# All-new audi q7



## WHIZZER (Oct 25, 2005)

Significantly lighter and up to 26 per cent more efficient Audi luxury SUV bound for America ahead of summer 2015 UK debut
◾All-new Audi Q7 due to debut at the NAIS Detroit in January 2015
◾Set to become available to order in the UK in spring 2015 - first deliveries next summer
◾Technical Development Board Member Prof. Dr. Ulrich Hackenberg: "New Q7 is a statement of our competence in lightweight construction, efficiency and assistance systems"
◾325 kilograms lighter and around 26 percent more efficient
◾UK models powered exclusively by 3.0 V6 TDI engine at launch - 3.0 V6 TDI with 218PS to follow in late 2015
◾First diesel plug-in hybrid with quattro drive


----------



## Kirkyworld (Jan 12, 2014)

Looks more like the A6 than the old Q7, I like it as Audi's go.


----------



## polac5397 (Apr 16, 2014)

not sure agree with whats been said its lost its bulky appearance of the older shape


----------



## m4rkymark (Aug 17, 2014)

shape looks more like an oversized estate car rather than an SUV(that might not make sense to some people)


----------



## Rayaan (Jun 1, 2014)

No complaints about the interior except that it probably might be a faff to use looking at all the buttons.

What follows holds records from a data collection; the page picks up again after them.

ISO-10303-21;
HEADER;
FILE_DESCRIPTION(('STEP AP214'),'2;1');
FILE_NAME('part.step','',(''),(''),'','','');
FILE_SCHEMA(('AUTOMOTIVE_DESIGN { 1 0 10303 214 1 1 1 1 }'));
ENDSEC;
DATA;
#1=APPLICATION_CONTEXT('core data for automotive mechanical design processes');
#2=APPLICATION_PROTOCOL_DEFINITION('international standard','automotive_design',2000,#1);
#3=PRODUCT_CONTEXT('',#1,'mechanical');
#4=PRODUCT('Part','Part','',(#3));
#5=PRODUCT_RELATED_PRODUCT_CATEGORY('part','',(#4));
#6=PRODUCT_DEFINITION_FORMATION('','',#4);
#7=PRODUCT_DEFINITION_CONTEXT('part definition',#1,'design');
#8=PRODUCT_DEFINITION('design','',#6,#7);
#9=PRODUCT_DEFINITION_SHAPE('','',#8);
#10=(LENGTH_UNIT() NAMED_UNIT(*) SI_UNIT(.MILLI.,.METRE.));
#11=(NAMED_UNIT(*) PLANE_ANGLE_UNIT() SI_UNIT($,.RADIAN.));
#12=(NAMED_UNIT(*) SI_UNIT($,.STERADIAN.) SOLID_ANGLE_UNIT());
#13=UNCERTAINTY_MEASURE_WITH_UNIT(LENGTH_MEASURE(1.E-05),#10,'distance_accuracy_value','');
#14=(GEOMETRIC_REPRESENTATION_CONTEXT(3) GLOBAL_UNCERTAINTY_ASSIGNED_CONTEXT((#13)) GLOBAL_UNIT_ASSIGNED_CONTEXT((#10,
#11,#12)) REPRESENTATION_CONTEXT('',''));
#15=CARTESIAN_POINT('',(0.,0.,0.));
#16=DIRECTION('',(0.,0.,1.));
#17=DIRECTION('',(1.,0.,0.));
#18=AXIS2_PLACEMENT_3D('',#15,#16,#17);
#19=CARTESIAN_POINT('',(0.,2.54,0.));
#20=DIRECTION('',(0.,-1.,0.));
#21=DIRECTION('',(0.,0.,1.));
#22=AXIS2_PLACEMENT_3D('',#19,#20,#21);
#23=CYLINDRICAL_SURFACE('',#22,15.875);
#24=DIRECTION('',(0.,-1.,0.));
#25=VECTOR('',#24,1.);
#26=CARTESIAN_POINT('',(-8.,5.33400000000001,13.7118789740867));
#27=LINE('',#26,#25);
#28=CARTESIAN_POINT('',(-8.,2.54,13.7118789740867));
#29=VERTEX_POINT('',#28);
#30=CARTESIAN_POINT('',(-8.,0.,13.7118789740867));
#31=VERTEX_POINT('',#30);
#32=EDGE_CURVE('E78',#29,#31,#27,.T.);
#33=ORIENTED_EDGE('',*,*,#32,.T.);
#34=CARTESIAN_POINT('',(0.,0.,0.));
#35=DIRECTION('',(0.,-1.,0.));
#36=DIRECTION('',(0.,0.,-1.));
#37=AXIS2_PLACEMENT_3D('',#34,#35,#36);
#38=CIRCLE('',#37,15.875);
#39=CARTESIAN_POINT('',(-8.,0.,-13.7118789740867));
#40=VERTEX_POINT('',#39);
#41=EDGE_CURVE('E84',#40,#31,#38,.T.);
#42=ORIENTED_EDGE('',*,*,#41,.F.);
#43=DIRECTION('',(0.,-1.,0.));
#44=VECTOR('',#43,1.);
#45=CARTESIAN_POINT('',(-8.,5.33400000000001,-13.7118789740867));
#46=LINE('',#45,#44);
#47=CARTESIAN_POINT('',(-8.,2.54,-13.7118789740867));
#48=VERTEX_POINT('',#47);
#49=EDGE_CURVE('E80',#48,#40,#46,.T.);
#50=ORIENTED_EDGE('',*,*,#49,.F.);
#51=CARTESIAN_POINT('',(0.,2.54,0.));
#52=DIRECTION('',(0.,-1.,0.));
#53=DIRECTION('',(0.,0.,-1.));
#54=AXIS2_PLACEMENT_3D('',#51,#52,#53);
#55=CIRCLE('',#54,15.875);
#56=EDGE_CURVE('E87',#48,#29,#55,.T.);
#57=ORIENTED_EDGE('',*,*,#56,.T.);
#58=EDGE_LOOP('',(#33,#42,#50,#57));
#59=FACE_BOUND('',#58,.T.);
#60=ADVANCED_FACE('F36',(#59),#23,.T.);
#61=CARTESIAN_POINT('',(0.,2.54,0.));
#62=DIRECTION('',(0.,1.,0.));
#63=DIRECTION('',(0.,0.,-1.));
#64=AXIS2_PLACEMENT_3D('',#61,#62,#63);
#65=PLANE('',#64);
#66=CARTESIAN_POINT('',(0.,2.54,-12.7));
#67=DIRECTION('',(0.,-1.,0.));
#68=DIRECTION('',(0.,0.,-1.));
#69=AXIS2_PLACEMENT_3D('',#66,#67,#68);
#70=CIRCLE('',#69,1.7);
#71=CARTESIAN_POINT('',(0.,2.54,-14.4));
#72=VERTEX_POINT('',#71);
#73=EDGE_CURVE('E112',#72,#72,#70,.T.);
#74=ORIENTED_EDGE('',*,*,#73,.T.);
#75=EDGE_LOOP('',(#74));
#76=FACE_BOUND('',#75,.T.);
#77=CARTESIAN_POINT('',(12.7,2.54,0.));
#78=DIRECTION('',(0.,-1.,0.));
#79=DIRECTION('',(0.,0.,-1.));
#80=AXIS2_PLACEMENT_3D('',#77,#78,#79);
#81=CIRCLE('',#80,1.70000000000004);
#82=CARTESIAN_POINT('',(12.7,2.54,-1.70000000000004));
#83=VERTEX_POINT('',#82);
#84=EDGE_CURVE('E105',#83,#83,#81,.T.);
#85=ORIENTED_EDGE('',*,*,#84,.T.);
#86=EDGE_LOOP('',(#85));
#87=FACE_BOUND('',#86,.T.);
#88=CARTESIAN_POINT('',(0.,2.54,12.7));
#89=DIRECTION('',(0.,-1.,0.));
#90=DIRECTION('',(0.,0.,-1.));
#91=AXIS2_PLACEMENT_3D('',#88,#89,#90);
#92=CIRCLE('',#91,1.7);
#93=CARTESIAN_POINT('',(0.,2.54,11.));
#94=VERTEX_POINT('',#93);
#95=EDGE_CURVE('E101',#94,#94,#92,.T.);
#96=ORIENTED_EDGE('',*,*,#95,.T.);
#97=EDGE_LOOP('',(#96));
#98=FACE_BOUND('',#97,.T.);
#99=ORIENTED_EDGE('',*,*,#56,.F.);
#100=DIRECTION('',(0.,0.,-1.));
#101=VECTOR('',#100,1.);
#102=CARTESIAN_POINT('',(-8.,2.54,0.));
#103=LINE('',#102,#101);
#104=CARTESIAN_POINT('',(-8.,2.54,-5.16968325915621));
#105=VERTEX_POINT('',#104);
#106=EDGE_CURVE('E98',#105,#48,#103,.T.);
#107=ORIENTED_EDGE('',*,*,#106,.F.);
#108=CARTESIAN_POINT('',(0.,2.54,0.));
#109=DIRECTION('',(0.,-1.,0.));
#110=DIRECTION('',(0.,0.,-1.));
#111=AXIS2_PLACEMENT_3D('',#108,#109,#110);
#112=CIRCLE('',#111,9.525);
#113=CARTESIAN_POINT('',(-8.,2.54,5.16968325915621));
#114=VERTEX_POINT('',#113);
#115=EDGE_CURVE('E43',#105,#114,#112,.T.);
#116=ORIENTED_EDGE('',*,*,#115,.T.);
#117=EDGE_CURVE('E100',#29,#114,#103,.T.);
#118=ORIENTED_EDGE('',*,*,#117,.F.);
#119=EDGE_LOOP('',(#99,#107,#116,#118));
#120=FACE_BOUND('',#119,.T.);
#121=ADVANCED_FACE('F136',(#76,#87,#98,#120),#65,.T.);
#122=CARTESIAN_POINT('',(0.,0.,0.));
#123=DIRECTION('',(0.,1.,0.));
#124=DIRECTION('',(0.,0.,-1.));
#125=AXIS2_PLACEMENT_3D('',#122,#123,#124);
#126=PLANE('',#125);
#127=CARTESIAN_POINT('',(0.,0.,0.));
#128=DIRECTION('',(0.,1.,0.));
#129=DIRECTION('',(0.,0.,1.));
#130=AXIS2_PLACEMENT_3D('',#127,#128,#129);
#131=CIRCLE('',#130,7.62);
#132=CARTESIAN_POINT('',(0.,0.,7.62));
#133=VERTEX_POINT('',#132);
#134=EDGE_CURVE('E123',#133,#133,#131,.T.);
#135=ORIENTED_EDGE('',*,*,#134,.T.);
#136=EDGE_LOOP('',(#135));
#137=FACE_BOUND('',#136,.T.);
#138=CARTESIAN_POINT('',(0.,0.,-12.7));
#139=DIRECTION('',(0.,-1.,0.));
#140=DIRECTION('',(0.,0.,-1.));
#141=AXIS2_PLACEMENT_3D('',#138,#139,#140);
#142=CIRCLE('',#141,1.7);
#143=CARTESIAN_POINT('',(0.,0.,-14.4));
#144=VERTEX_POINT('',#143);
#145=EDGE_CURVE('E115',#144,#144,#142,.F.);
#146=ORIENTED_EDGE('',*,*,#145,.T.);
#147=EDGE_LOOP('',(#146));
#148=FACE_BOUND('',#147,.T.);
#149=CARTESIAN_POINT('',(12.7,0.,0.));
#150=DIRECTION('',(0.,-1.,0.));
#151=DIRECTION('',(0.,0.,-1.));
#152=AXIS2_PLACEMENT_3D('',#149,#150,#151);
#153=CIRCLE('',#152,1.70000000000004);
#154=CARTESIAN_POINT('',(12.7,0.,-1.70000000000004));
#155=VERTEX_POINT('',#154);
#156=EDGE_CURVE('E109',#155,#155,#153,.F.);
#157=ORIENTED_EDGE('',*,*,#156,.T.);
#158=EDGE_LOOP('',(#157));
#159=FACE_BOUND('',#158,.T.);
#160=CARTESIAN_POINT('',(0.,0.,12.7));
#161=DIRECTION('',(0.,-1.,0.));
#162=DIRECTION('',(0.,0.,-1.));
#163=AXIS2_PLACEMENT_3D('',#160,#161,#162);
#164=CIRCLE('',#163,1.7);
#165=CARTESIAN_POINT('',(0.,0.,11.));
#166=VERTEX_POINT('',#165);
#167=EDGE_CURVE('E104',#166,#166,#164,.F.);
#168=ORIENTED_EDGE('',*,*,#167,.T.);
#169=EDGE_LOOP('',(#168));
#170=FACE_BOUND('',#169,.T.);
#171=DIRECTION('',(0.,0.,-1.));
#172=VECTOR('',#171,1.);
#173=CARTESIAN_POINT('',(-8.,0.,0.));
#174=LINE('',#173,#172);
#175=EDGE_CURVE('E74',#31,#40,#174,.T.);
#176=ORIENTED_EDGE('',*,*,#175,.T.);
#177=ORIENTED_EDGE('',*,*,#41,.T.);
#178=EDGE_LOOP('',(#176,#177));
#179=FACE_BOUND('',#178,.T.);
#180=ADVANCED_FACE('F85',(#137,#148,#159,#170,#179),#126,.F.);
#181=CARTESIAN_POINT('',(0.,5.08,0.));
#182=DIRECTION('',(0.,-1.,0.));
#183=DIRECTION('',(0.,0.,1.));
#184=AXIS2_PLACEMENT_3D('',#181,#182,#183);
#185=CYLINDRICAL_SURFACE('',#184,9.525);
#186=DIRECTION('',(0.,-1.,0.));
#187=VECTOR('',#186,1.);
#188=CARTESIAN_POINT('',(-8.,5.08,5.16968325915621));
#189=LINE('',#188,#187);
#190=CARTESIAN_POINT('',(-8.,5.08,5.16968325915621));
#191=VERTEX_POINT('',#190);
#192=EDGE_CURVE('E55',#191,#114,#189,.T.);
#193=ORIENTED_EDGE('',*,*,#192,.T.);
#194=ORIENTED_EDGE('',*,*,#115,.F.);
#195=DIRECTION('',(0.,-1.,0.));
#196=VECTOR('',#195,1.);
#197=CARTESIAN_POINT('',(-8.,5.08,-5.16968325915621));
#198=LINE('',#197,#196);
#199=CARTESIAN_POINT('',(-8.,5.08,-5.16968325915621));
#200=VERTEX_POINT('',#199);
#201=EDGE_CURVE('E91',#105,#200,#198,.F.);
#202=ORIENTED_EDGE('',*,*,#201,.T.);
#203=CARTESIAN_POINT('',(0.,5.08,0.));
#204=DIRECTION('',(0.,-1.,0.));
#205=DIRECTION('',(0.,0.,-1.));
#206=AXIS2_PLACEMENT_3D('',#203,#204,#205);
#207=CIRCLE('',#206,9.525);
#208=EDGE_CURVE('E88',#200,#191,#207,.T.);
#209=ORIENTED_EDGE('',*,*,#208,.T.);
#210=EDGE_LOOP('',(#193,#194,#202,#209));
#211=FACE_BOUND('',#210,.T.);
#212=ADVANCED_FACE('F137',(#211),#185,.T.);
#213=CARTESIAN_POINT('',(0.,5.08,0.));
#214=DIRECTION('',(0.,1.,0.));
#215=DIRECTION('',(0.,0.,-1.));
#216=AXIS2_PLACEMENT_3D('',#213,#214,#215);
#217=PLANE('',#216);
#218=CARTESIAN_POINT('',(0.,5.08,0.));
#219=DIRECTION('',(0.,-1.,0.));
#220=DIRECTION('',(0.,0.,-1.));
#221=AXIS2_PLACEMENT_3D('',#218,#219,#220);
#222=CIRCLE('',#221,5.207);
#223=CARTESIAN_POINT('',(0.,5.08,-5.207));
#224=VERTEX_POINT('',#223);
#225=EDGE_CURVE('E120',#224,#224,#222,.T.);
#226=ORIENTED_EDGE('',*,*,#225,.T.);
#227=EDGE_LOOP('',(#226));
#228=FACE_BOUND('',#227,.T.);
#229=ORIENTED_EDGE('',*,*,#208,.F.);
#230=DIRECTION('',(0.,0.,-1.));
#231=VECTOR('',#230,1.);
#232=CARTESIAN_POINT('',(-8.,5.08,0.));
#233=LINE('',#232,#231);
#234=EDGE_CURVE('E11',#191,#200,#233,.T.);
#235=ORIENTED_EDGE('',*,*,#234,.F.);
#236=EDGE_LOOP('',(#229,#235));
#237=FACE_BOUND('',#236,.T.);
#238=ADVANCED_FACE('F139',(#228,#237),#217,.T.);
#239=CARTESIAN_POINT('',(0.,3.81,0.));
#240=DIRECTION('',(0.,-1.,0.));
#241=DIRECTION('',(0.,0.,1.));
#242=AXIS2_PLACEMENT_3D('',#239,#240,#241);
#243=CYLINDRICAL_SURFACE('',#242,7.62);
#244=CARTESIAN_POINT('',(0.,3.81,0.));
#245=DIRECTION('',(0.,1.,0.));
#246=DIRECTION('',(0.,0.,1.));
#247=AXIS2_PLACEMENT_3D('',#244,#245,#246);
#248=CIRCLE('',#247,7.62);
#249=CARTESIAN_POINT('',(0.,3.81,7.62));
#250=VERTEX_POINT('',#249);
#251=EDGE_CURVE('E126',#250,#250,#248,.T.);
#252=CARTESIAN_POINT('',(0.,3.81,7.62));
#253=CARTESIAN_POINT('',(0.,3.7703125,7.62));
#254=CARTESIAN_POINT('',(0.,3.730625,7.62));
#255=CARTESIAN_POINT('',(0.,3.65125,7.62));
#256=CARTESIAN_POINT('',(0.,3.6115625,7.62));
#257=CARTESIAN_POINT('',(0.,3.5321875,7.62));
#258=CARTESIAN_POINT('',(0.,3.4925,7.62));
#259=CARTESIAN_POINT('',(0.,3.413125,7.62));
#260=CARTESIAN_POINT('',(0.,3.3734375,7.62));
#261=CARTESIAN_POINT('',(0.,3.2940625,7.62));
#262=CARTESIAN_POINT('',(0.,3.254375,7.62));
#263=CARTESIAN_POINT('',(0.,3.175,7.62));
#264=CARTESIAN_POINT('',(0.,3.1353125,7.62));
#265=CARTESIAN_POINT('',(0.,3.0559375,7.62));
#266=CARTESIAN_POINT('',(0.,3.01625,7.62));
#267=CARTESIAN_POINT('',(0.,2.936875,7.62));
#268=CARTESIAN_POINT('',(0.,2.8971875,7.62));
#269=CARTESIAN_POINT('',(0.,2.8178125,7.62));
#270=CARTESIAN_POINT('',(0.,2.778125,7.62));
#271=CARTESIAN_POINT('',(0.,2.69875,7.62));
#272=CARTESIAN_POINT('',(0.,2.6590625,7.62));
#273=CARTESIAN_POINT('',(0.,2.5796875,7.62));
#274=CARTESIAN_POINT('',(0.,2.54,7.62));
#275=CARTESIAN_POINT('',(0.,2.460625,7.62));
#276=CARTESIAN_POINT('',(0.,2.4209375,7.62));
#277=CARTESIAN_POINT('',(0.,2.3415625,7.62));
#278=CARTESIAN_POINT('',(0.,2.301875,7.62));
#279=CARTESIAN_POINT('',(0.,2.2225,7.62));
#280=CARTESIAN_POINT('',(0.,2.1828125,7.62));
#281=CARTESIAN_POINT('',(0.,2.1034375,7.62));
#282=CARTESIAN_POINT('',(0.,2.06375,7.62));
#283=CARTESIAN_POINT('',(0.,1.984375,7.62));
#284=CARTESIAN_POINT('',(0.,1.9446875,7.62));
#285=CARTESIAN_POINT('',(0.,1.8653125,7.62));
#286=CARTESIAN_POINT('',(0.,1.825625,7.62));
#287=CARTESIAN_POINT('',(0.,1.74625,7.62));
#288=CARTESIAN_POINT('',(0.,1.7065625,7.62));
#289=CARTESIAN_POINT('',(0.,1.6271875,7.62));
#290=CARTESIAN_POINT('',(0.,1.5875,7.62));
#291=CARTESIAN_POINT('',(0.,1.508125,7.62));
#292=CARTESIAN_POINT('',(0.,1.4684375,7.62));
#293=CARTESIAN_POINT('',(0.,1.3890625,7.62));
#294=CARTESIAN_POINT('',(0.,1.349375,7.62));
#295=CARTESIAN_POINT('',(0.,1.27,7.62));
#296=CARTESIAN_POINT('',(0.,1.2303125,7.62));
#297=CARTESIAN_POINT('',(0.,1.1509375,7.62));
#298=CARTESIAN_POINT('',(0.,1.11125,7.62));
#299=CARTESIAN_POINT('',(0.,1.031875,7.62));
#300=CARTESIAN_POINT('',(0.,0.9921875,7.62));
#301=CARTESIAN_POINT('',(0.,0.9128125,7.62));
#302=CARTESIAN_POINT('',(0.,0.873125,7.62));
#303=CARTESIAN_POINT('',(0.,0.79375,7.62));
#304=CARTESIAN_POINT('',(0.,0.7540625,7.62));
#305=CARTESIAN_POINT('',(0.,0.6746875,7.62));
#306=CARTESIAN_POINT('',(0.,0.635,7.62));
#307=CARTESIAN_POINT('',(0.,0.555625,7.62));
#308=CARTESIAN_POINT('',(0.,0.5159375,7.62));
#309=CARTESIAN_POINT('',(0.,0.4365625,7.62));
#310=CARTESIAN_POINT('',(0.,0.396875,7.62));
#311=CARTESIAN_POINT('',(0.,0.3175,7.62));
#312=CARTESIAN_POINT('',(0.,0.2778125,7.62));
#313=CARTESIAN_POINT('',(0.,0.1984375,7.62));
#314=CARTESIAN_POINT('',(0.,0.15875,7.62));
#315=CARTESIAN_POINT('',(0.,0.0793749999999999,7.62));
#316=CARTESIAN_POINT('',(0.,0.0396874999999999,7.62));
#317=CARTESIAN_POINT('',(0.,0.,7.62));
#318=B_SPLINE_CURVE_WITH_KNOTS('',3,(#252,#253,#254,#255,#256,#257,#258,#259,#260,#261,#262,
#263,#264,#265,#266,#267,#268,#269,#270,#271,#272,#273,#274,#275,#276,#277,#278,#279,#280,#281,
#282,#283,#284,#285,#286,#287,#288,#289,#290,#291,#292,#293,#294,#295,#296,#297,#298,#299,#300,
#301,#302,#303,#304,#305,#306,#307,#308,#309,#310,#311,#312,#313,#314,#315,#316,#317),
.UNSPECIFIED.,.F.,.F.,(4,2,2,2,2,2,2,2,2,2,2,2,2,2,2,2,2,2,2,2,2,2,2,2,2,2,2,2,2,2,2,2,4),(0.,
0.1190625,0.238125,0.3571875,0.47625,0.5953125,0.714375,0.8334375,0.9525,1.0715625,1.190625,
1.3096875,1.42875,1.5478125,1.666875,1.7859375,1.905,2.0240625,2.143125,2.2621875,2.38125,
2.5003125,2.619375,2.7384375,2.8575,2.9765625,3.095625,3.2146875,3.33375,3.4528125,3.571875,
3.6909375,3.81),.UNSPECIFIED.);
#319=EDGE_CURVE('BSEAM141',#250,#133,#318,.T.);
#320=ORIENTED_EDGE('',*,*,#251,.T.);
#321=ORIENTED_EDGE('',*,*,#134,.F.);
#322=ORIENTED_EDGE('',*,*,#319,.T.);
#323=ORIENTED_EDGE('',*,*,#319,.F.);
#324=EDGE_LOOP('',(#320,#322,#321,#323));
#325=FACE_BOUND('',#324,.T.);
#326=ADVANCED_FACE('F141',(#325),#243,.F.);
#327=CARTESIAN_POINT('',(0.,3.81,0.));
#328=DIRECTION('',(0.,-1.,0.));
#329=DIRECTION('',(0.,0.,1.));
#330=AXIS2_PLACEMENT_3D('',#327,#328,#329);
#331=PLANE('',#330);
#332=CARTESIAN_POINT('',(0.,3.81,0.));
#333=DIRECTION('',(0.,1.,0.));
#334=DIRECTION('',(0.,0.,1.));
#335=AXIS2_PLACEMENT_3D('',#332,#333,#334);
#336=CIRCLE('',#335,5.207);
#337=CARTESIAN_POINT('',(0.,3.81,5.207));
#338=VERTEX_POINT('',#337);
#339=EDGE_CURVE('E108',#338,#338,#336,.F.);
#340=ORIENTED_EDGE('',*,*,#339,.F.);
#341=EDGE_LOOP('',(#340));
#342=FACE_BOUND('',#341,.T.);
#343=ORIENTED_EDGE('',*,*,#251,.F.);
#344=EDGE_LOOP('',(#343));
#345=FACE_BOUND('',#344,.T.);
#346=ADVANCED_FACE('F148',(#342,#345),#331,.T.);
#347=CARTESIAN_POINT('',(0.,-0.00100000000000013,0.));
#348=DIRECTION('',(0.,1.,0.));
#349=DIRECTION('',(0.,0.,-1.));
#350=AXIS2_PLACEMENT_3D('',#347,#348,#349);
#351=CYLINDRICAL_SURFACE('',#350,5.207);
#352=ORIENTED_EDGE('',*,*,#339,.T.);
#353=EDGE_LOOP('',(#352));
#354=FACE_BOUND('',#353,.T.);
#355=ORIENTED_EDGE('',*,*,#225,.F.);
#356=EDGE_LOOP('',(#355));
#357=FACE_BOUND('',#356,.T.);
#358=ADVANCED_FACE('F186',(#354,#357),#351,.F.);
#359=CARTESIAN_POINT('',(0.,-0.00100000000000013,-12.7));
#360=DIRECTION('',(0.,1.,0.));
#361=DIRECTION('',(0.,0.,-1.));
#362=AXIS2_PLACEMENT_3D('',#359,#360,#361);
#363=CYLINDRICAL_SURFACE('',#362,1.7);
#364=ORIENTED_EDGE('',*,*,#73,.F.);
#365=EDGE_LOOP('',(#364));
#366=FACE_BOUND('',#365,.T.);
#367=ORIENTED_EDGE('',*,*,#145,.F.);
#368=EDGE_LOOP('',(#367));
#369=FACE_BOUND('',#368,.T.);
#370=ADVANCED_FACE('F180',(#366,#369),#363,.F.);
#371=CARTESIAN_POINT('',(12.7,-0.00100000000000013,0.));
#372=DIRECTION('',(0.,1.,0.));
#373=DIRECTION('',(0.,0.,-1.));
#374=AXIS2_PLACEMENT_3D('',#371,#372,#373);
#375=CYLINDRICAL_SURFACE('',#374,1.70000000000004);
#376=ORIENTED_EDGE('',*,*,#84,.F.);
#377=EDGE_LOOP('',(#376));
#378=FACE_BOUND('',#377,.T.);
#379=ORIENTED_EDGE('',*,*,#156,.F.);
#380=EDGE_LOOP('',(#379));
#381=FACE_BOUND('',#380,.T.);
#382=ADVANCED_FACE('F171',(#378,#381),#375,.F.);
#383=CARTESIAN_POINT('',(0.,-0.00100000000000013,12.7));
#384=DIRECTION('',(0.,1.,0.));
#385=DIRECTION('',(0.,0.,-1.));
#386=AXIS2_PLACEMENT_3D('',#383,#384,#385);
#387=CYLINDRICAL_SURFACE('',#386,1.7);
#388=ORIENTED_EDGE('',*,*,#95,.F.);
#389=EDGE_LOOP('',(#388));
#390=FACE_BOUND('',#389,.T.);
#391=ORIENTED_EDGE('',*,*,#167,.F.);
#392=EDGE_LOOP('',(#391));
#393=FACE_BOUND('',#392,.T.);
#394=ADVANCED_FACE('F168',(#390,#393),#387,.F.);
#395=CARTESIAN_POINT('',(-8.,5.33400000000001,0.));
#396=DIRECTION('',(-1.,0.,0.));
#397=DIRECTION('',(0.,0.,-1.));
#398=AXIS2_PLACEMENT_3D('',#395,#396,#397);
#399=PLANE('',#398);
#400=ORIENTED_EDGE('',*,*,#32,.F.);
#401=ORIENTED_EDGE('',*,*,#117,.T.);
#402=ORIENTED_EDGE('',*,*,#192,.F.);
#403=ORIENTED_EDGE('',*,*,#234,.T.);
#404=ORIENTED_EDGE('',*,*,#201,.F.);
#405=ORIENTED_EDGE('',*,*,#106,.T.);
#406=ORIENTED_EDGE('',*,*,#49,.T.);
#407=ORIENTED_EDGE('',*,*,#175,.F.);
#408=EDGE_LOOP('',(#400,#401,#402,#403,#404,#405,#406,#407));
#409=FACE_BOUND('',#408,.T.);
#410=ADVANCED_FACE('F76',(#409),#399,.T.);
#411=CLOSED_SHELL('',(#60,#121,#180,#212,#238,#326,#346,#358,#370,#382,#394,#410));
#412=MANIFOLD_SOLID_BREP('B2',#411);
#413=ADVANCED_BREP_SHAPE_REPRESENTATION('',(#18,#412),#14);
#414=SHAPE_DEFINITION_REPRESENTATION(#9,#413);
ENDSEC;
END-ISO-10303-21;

Exterior - hideous. Looks like a jumped up Audi A6 estate with different lights and grills. I much prefer the current one - it looks far better


----------



## waxtrucker (Mar 21, 2014)

I agree with Kirkyworld, does look like an A6 but I still like it.


----------



## andystevens (Dec 12, 2011)

m4rkymark said:


> shape looks more like an oversized estate car rather than an SUV(that might not make sense to some people)


I would agree on that.


----------



## Rock Lobster (Aug 19, 2013)

Not into that exterior at all, a big backwards step imo


----------



## Goodfella36 (Jul 21, 2009)

backwards step from me as well it does have a estate look about it


----------



## Alan W (May 11, 2006)

Nowt wrong with Estates/Tourings/Avants! 

Alan W


----------



## Goodfella36 (Jul 21, 2009)

I agree Alan would have the RS6 all day long but SUV looking a mismatch i would pass


----------



## bigmac3161 (Jul 24, 2013)

Thought the whole point people bought them was cause they're huge and imposing and that's not . Jumped up estate sorry avant


----------



## scoobyboy1 (Aug 28, 2006)

Alan W said:


> Nowt wrong with Estates/Tourings/Avants!
> 
> Alan W


^^^^^^^:thumb:

Who needs a Q7 when this does the same job and does it at 200mph!!!


----------



## andy665 (Nov 1, 2005)

Audi really are caught in a massive rut - terrified of changing a design formula - as for the weight saving, its still over 2 tonnes and 325kg saving is only possible because the previous generation was stupidly overweight

But its got an Audi so the sheep will love it and buy it without a second thought


----------